Extract the final stretch of the data: the line that contains "Bus Selector/1 ->" and every line after it, unaltered, and no other lines.

= Data for this exercise =
====================

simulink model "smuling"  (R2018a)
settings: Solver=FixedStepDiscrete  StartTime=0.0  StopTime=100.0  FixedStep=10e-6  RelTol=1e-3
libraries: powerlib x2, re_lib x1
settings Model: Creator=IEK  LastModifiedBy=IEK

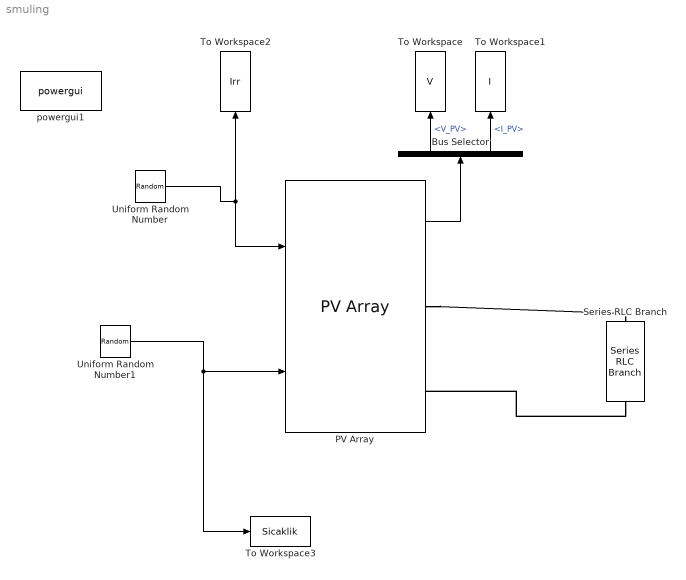
== system smuling ==
  Bus Selector : BusSelector  OutputSignals=V_PV,I_PV
  PV Array : re_lib/Solar/PV Array  Npar=3  Nser=8  PlotType=array @ 1000 W/m2 & specified temperatures  S_vec="[ 1000  500  100 ]"  Temp_C_vec="[ 45 25  ]"  ModuleName=1Soltech 1STH-215-P  PlotWhenSelected=off  Pm=213.15  Ncell=60  Voc=36.3  Isc=7.84  Vm=29  Im=7.35  beta_Voc_pc=-0.36099  alpha_Isc_pc=0.102  beta_Voc=-0.13104  alpha_Isc=0.007997  IL=7.8649  I0=2.9259e-10  nI=0.98117  Rsh=313.3991  Rs=0.39383  BAL=on  Tc=1e-6  Tfilter=5e-5
  Series RLC Branch : powerlib/Elements/Series RLC Branch  LConnTagsString=__new0  RConnTagsString=__new0  BranchType=R  Resistance=9.2  Inductance=1e-3  SetiL0=off  InitialCurrent=0  Capacitance=1e-6  Setx0=off  InitialVoltage=0  Measurements=None
  To Workspace : ToWorkspace  VariableName=V  SaveFormat=Timeseries  SampleTime=-1
  To Workspace1 : ToWorkspace  VariableName=I  SaveFormat=Timeseries  SampleTime=-1
  To Workspace2 : ToWorkspace  VariableName=Irr  SaveFormat=Timeseries  SampleTime=-1
  To Workspace3 : ToWorkspace  VariableName=Sicaklik  SaveFormat=Timeseries  SampleTime=-1
  Uniform Random Number : UniformRandomNumber  Minimum=750  Maximum=1000  SampleTime=0.1
  Uniform Random Number1 : UniformRandomNumber  Minimum=25  Maximum=45  SampleTime=0.1
  powergui1 : powerlib/powergui  Priority=1  SimulationMode=Discrete  SampleTime=0.1  frequency=60  Iterations=50  frequencyindice=0  Pbase=100e6  ErrMax=1e-4  UnitsV=kV  UnitsW=MW  buscounter=0  FunctionMessages=off  echomessages=off  EnableUseOfTLC=off  CurrentSourceSwitches=off  DisableSnubberDevices=off  DisableRonSwitches=off  DisableVfSwitches=off  DisplayEquations=off  SolverType=Tustin/Backward Euler (TBE)  Interpol=off  ExternalGateDelay=off  methode=off  Ts=100  x0status=blocks  SPID=on  SwTol=0  HookPort=off  RestoreLinks=warning  ResistiveCurrentMeasurement=off  Frange=[0:2:500]  Ylog=off  Xlog=on  ShowGrid=off  save=off  variable=ZData  structure=0  ZoomFFT=off  StartTime=0.0  cycles=1  DisplayStyle=1  fundamental=60  FreqAxis=off  MaxFrequency=1000  frequencyindicesteady=1  RmsSteady=1  display=off
  wires:
  Uniform Random Number1/1 -> To Workspace3/1, PV Array/2
  Uniform Random Number/1 -> To Workspace2/1, PV Array/1
  PV Array/1 -> Bus Selector/1
  Bus Selector/1 -> To Workspace/1  "<V_PV>"
  Bus Selector/2 -> To Workspace1/1  "<I_PV>"
  connections:
  PV Array/RConn1 -- Series RLC Branch/LConn1
  Series RLC Branch/RConn1 -- PV Array/RConn2

====================

= Problem solution =
  Bus Selector/1 -> To Workspace/1  "<V_PV>"
  Bus Selector/2 -> To Workspace1/1  "<I_PV>"
  connections:
  PV Array/RConn1 -- Series RLC Branch/LConn1
  Series RLC Branch/RConn1 -- PV Array/RConn2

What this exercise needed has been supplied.